Blue-chip investors pour $133M into Basis, a new cryptocurrency designed to fight volatility
A one-year-old Hoboken, New Jersey-based cryptocurrency startup called Basis received $133 million in venture capital on Wednesday — along with some criticism.
The round was led by Bain Capital Ventures and included other notable investors such as Andreessen Horowitz, Lightspeed Venture Partners, Alphabet Inc’s GV, Foundation Capital, Wing, Zhenfund, Valor Capital, billionaire Stanley Druckenmiller and Federal Reserve chair runner-up Kevin Warsh.
The company, formerly known as Basecoin, began developing a cryptocurrency in 2017 that would not suffer price volatility. The world’s most traded digital currency, bitcoin, has seen such swings in market value that a single coin went from $900 in January 2017 to near $20,000 by the end of the year, then fell to near $8,000 in the following months.
Although Bitcoin’s example is most prominent, volatility is common for many cryptocurrencies such as Ethereum and Litecoin. That sort of instability, argued Salil Deshpande, a Bain managing director, is what stands in the way of cryptocurrency adoption in traditional business.

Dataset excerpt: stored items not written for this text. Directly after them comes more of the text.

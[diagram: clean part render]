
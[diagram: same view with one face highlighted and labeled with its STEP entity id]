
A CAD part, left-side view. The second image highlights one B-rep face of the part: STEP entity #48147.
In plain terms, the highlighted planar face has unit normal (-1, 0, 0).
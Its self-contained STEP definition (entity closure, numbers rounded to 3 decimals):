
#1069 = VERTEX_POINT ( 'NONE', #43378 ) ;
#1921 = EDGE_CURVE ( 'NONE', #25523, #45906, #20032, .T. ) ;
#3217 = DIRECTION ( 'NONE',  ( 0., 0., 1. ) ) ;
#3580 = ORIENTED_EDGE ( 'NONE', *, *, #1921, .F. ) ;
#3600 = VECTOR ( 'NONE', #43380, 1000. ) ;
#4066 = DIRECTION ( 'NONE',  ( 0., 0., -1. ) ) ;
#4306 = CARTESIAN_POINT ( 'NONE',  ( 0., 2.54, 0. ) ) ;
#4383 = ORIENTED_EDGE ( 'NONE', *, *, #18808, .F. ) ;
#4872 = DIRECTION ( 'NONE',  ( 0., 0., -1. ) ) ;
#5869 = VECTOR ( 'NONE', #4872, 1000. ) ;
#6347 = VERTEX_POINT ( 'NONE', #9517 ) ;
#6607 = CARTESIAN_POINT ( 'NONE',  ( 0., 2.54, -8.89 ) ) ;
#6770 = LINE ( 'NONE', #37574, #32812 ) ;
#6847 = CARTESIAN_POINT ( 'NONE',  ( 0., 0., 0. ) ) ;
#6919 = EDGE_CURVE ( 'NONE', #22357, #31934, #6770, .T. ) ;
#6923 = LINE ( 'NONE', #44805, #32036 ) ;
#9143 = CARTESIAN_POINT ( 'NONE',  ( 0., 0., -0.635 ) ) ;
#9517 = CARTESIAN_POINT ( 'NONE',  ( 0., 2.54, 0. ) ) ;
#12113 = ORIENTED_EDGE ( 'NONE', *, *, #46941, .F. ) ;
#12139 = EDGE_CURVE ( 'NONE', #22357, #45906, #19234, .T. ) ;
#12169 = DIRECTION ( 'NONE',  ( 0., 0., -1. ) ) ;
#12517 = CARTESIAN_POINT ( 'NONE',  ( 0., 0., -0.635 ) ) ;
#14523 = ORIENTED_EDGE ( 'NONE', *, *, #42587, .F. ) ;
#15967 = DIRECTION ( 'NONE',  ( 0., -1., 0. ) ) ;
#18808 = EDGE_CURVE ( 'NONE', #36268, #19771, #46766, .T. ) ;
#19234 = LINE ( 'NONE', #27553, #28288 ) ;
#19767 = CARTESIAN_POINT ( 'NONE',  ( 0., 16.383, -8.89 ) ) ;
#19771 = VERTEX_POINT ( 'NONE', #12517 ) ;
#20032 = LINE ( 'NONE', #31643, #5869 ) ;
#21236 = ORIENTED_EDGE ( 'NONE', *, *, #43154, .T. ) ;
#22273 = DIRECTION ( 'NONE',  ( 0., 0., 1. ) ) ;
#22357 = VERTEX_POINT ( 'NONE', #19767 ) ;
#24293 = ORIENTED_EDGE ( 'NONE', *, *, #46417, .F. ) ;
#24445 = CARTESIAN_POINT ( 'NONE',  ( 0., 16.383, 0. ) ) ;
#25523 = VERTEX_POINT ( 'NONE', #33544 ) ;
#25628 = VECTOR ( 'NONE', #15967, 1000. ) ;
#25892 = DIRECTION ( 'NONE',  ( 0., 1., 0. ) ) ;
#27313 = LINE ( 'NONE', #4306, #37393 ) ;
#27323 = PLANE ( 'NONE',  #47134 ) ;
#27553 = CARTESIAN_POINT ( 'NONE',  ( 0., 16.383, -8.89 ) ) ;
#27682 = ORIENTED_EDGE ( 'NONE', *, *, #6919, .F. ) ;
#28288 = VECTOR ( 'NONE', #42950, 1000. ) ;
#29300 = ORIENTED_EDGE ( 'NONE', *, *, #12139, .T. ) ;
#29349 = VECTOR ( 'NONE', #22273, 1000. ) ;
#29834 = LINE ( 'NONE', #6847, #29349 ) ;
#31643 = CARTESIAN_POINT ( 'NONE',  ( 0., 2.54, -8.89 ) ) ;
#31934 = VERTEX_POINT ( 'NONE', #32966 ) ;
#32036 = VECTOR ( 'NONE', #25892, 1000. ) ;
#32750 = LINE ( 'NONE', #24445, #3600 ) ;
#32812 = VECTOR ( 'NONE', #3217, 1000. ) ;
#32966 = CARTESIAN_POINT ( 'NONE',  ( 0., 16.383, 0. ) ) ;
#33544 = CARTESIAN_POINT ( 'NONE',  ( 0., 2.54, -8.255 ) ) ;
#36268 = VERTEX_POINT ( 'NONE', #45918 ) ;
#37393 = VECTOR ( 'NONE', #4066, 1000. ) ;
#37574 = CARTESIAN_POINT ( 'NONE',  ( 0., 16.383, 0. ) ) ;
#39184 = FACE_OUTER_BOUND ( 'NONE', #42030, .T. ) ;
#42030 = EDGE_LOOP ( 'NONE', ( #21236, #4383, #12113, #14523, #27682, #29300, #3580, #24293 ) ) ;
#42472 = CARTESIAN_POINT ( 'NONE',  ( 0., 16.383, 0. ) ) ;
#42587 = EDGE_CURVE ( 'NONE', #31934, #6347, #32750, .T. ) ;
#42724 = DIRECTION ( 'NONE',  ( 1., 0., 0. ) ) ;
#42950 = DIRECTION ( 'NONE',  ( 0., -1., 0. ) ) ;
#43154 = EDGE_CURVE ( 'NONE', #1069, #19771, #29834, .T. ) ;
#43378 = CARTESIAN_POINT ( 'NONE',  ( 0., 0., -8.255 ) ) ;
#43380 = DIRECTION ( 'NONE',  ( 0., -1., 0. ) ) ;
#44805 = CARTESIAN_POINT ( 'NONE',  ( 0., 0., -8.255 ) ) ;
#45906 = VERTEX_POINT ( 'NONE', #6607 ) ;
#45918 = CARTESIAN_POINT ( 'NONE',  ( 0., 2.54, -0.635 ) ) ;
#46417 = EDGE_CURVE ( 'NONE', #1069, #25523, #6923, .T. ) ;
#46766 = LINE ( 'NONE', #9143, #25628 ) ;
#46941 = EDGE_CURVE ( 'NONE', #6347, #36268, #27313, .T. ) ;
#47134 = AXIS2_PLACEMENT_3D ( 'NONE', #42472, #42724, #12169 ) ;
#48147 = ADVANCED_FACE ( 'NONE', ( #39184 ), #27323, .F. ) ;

“Cryptocurrencies lack an important feature of currencies: price stability,” Deshpande said. “Without price-stability it is impossible to use the cryptocurrency in transactions. Non-price-stable cryptocurrencies such as Bitcoin are cryptoassets or cryptocommodities, not cryptocurrencies, just as gold is an asset or commodity, not a currency.”
The protocol that Basis runs its coin on would accomplish stability in a manner similar to what the company says is how central banks combat inflation: by changing the money supply.
“Put simply, when a central bank needs to expand the money supply, it runs the proverbial printing press to put new money into circulation,” said Nader Al-Naji, chief executive and co-founder of Basis. “When the supply of Basis needs to expand, newly-created Basis is distributed to people who participate in the system. In that way, the system decentralizes monetary expansion.”
According to the Basis white paper, the protocol would use a system that would gather pricing data from trusted cryptocurrency exchanges and then algorithmically expand or contract currency supply to fit demand.
“Long-term, a stablecoin (a cryptocurrency that’s price-stable relative to fiat, or a basket of fiats) could bring unprecedented levels of accountability to the economies of developing nations,” Deshpande said, citing one of the potential markets for such a currency. “It could be used as a global store of value and mainstream medium of exchange, initially in developing countries with unreliable central banks, and eventually globally.”
Basis and its cryptocurrency is not the first time a “stable” digital currency has been attempted. For example, BitShares began developing a technology to “peg” or tie value of its currency to another asset such as the U.S. dollar or gold. Tether is another cryptocurrency claimed to be one-to-one backed by traditional currency held in a vast reserve, so one USD Tether is always $1.
Although Basis has attracted a lot of venture capital attention, its system is not without critics, such as Preston Byrne, co-founder of the blockchain platform Monax and structured finance lawyer.
Byrne argued in an in-depth analysis of the protocol that although central banks come up often in the Basis white paper and investor quotes, what the Basis protocol does to expand and contract supply is not how central banks work. Furthermore, he said, the entire structure of the protocol may be built on wishful thinking.
“Due to the Basecoin team’s failure to ascertain the difference between the Treasury Department and the Federal Reserve System, the structure their ‘white paper’ puts forward… is recursive, or the financial equivalent of a perpetual motion machine,” Byrne wrote.
According to Byrne, the system would depend too heavily on new money coming in during periods of volatility to allow it to shift towards the “pegged” price. As a result, with too few traders or buyers of the currency would lead to a collapse.
Byrne has been writing about how “stable coins” do not work for some time now, with an entire series (part 1, part 2, part 3) dedicated to the scalability and economic sustainability of the proposals.
Meantime, some large Silicon Valley backers of cryptocurrencies recently met with officials from the Securities and Exchange Commission to request an exemption from federal oversight, according to the Wall Street Journal. Among those backers was Andreessen Horowitz.